▸ TASK ITEM
Your answer must be the exact lines of the listing below that run from the line with "Path Following Status/2(isPathFollowingDone1)" to the line with "Cast To Boolean1 : DataTypeConversion", ends included, and no pictures.

▸ RECORDED DATA
::::

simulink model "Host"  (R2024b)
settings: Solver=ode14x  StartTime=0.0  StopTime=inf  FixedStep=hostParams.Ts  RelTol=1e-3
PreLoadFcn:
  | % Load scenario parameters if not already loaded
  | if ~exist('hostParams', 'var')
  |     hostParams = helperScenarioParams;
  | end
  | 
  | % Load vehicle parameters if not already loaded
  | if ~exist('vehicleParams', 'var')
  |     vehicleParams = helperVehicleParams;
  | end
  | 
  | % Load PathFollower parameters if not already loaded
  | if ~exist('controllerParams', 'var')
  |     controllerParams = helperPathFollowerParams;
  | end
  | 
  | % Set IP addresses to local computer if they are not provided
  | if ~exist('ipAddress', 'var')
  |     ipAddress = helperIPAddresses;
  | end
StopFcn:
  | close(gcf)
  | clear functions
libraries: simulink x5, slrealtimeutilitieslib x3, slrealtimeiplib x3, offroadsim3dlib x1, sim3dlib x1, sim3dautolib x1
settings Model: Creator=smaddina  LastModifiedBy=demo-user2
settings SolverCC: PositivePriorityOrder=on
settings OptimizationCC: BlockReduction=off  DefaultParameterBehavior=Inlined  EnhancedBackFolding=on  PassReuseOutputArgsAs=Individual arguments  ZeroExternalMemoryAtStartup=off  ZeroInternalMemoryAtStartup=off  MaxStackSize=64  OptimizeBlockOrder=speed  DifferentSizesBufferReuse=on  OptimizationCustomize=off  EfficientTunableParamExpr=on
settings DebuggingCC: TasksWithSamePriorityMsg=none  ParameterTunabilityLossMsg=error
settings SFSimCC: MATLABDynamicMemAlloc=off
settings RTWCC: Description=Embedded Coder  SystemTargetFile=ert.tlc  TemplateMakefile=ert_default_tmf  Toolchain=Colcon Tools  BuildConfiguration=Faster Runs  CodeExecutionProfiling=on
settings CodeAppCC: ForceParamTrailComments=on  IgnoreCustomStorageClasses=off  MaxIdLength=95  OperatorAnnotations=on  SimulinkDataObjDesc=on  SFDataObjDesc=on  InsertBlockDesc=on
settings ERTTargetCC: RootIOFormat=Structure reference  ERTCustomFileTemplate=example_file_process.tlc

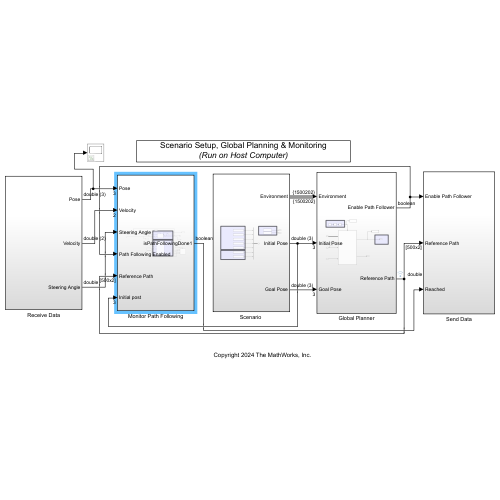
[thumbnail: Simulink's stored preview of the top-level diagram]
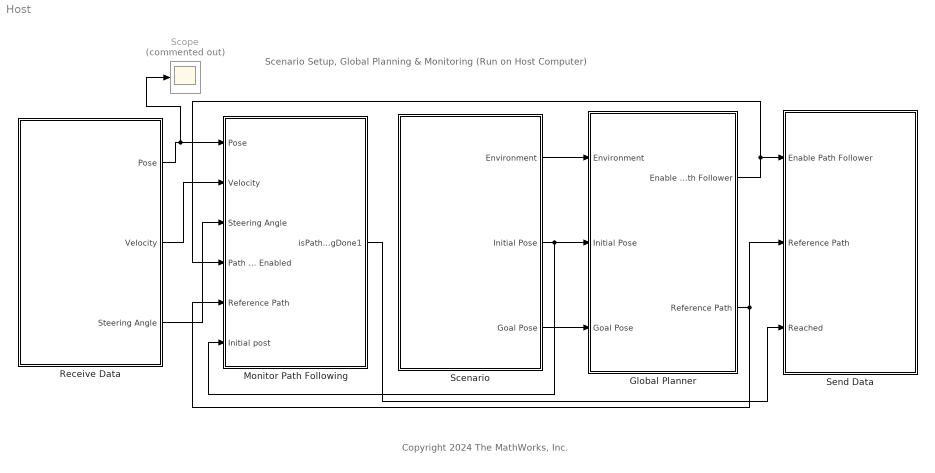
== system Host ==
  note: Copyright 2024 The MathWorks, Inc.
  note: Scenario Setup, Global Planning & Monitoring
      | (Run on Host Computer)
  Global Planner : Subsystem
  Monitor Path Following : Subsystem
  Receive Data : Subsystem
  "Scenario " : Subsystem
  Scope : Scope  Commented=on
  Send Data : Subsystem
  wires:
  Global Planner/2(Reference Path) -> Send Data/2(Reference Path), Monitor Path Following/5(Reference Path)
  Global Planner/1(Enable Path Follower) -> Send Data/1(Enable Path Follower), Monitor Path Following/4(Path Following Enabled)
  "Scenario "/1(Environment) -> Global Planner/1(Environment)
  "Scenario "/2(Initial Pose) -> Monitor Path Following/6(Initial post), Global Planner/2(Initial Pose)
  "Scenario "/3(Goal Pose) -> Global Planner/3(Goal Pose)
  Receive Data/1(Pose) -> Scope/1, Monitor Path Following/1(Pose)
  Receive Data/2(Velocity) -> Monitor Path Following/2(Velocity)
  Receive Data/3(Steering Angle) -> Monitor Path Following/3(Steering Angle)
  Monitor Path Following/1(isPathFollowingDone1) -> Send Data/3(Reached)

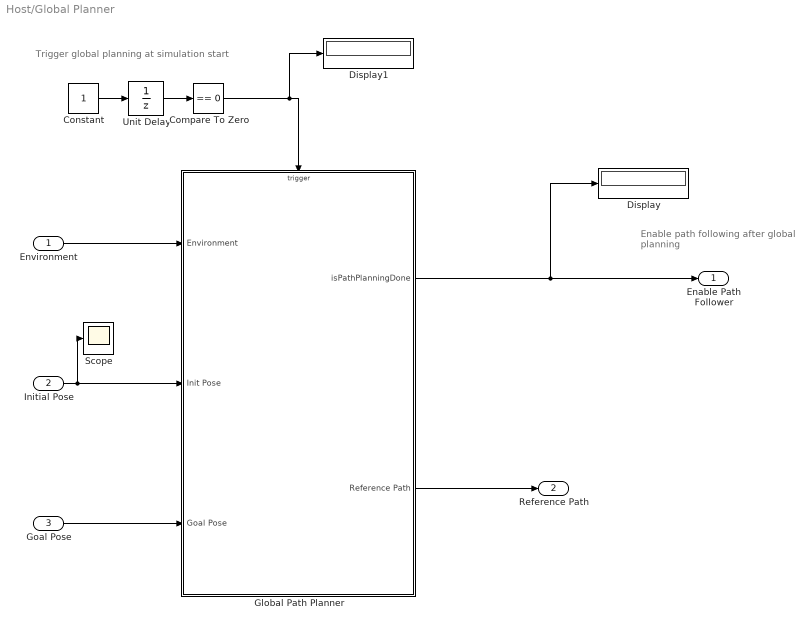
== system Host/Global Planner ==
  note: Enable path following
      | after global planning
  note: Trigger global planning at simulation start
  Environment : Inport
  Initial Pose : Inport  Port=2
  Goal Pose : Inport  Port=3
  Compare To Zero : simulink/Logic and Bit Operations/Compare To Zero  relop===  OutDataTypeStr=boolean
  Constant : Constant
  Display : Display
  Display1 : Display
  Global Path Planner : Subsystem  TreatAsAtomicUnit=on
  Scope : Scope
  Unit Delay : UnitDelay  SampleTime=-1  HasFrameUpgradeWarning=on
  Enable Path Follower : Outport
  Reference Path : Outport  Port=2
  wires:
  Unit Delay/1 -> Compare To Zero/1
  Global Path Planner/2(Reference Path) -> Reference Path/1
  Compare To Zero/1 -> Display1/1, Global Path Planner/Trigger
  Constant/1 -> Unit Delay/1
  Global Path Planner/1(isPathPlanningDone) -> Display/1, Enable Path Follower/1
  Environment/1 -> Global Path Planner/1(Environment)
  Initial Pose/1 -> Scope/1, Global Path Planner/2(Init Pose)
  Goal Pose/1 -> Global Path Planner/3(Goal Pose)

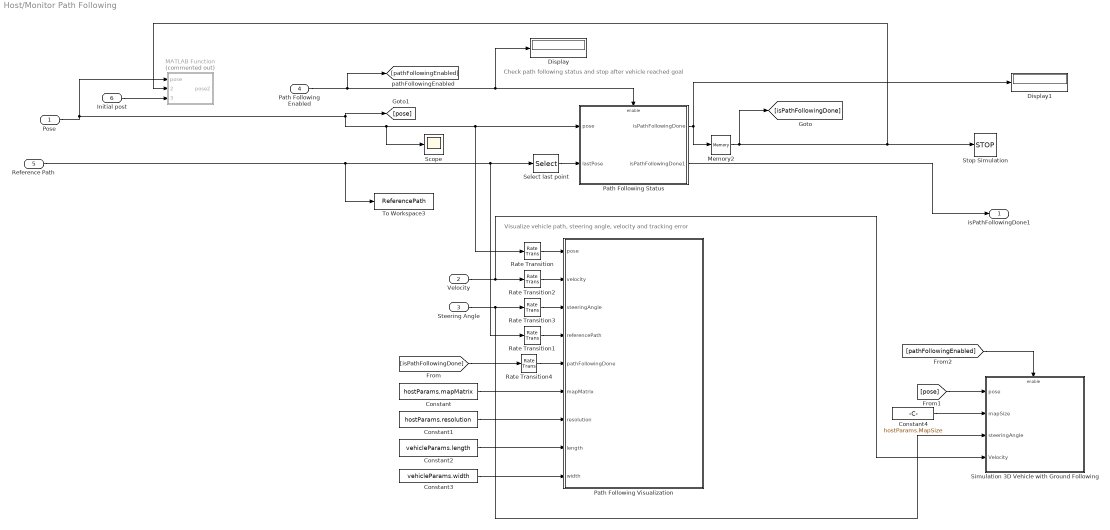
== system Host/Monitor Path Following ==
  note: Visualize vehicle path, steering angle, velocity and tracking error
  note: Check path following status and stop after vehicle reached goal
  Pose : Inport
  Velocity : Inport  Port=2
  Steering Angle : Inport  Port=3
  Path Following Enabled : Inport  Port=4
  Reference Path : Inport  Port=5
  Initial post : Inport  Port=6
  Constant : Constant  Value=hostParams.mapMatrix
  Constant1 : Constant  Value=hostParams.resolution
  Constant2 : Constant  Value=vehicleParams.length
  Constant3 : Constant  Value=vehicleParams.width
  Constant4 : Constant  Value=hostParams.MapSize
  Display : Display
  Display1 : Display
  MATLAB Function : MATLAB Function  Commented=on  TreatAsAtomicUnit=on
  Memory2 : Memory  InitialCondition=false
  Path Following Status : Subsystem
  Path Following Visualization : MATLAB Function  TreatAsAtomicUnit=on  SystemSampleTime=0.2
  Rate Transition : RateTransition  InitialCondition=hostParams.initPose
  Rate Transition1 : RateTransition
  Rate Transition2 : RateTransition
  Rate Transition3 : RateTransition
  Rate Transition4 : RateTransition  InitialCondition=false
  Scope : Scope
  Select last point : Selector  NumberOfDimensions=2  InputPortWidth=3  IndexOptions=Index vector (dialog),Index vector (dialog)  Indices=hostParams.referencePathSize,[1:2]  OutputSizes=1,1
  Simulation 3D Vehicle with Ground Following : Subsystem
  Stop Simulation : Stop
  To Workspace3 : ToWorkspace  VariableName=ReferencePath  SaveFormat=Timeseries  SampleTime=-1
      settings: MaxDataPoints=1
  isPathFollowingDone1 : Outport
  wires:
  Select last point/1 -> Path Following Status/2(lastPose)
  Path Following Status/1(isPathFollowingDone) -> Memory2/1, Display1/1
  Path Following Enabled/1 -> [pathFollowingEnabled], Display/1, Path Following Status/Enable
  Rate Transition/1 -> Path Following Visualization/1(pose)
  Rate Transition1/1 -> Path Following Visualization/4(referencePath)
  Velocity/1 -> Simulation 3D Vehicle with Ground Following/4(Velocity), Rate Transition2/1
  Steering Angle/1 -> Simulation 3D Vehicle with Ground Following/3(steeringAngle), Rate Transition3/1
  Rate Transition2/1 -> Path Following Visualization/2(velocity)
  Rate Transition3/1 -> Path Following Visualization/3(steeringAngle)
  [isPathFollowingDone] -> Rate Transition4/1
  Rate Transition4/1 -> Path Following Visualization/5(pathFollowingDone)
  Constant/1 -> Path Following Visualization/6(mapMatrix)
  Constant1/1 -> Path Following Visualization/7(resolution)
  Constant2/1 -> Path Following Visualization/8(length)
  Constant3/1 -> Path Following Visualization/9(width)
  [pose] -> Simulation 3D Vehicle with Ground Following/1(pose)
  Constant4/1 -> Simulation 3D Vehicle with Ground Following/2(mapSize)
  [pathFollowingEnabled] -> Simulation 3D Vehicle with Ground Following/Enable
  Reference Path/1 -> Select last point/1, Rate Transition1/1, To Workspace3/1
  Pose/1 -> Scope/1, Path Following Status/1(pose), Rate Transition/1, [pose], MATLAB Function/1(pose)
  Initial post/1 -> MATLAB Function/3(initpose)
  Memory2/1 -> Stop Simulation/1, MATLAB Function/2(endoftraj), [isPathFollowingDone]
  Path Following Status/2(isPathFollowingDone1) -> isPathFollowingDone1/1

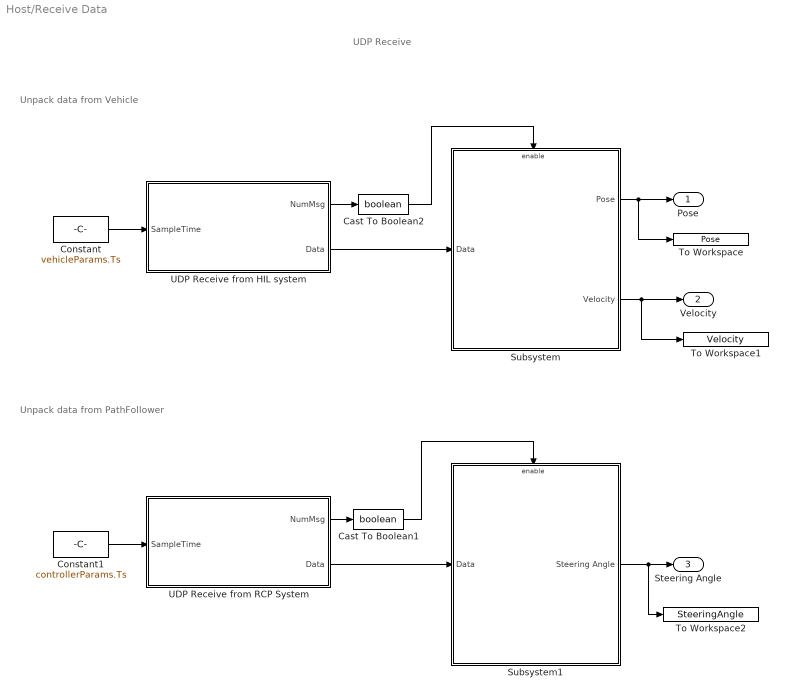
== system Host/Receive Data ==
  note: Unpack data from PathFollower
  note: Unpack data from Vehicle
  note: UDP Receive
  Cast To Boolean1 : DataTypeConversion  OutDataTypeStr=boolean  SaturateOnIntegerOverflow=off  RndMeth=Floor
  Cast To Boolean2 : DataTypeConversion  OutDataTypeStr=boolean  SaturateOnIntegerOverflow=off  RndMeth=Floor
  Constant : Constant  Value=vehicleParams.Ts  SampleTime=vehicleParams.Ts
  Constant1 : Constant  Value=controllerParams.Ts  SampleTime=controllerParams.Ts
  Subsystem : Subsystem
  Subsystem1 : Subsystem
  To Workspace : ToWorkspace  VariableName=Pose  SaveFormat=Timeseries  SampleTime=0.01
  To Workspace1 : ToWorkspace  VariableName=Velocity  SaveFormat=Timeseries  SampleTime=0.01
  To Workspace2 : ToWorkspace  VariableName=SteeringAngle  SaveFormat=Timeseries  SampleTime=0.01
  UDP Receive from HIL system : Subsystem  TreatAsAtomicUnit=on
  UDP Receive from RCP System : Subsystem  TreatAsAtomicUnit=on
  Pose : Outport
  Velocity : Outport  Port=2
  Steering Angle : Outport  Port=3
  wires:
  UDP Receive from HIL system/1(NumMsg) -> Cast To Boolean2/1
  UDP Receive from HIL system/2(Data) -> Subsystem/1(Data)
  Subsystem/1(Pose) -> Pose/1, To Workspace/1
  Subsystem/2(Velocity) -> Velocity/1, To Workspace1/1
  Cast To Boolean2/1 -> Subsystem/Enable
  Subsystem1/1(Steering Angle) -> Steering Angle/1, To Workspace2/1
  Constant/1 -> UDP Receive from HIL system/1(SampleTime)
  UDP Receive from RCP System/2(Data) -> Subsystem1/1(Data)
  Constant1/1 -> UDP Receive from RCP System/1(SampleTime)
  UDP Receive from RCP System/1(NumMsg) -> Cast To Boolean1/1
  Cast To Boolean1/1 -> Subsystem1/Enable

::::

▸ ANSWER TO THIS PROBLEM
  Path Following Status/2(isPathFollowingDone1) -> isPathFollowingDone1/1

== system Host/Receive Data ==
  note: Unpack data from PathFollower
  note: Unpack data from Vehicle
  note: UDP Receive
  Cast To Boolean1 : DataTypeConversion  OutDataTypeStr=boolean  SaturateOnIntegerOverflow=off  RndMeth=Floor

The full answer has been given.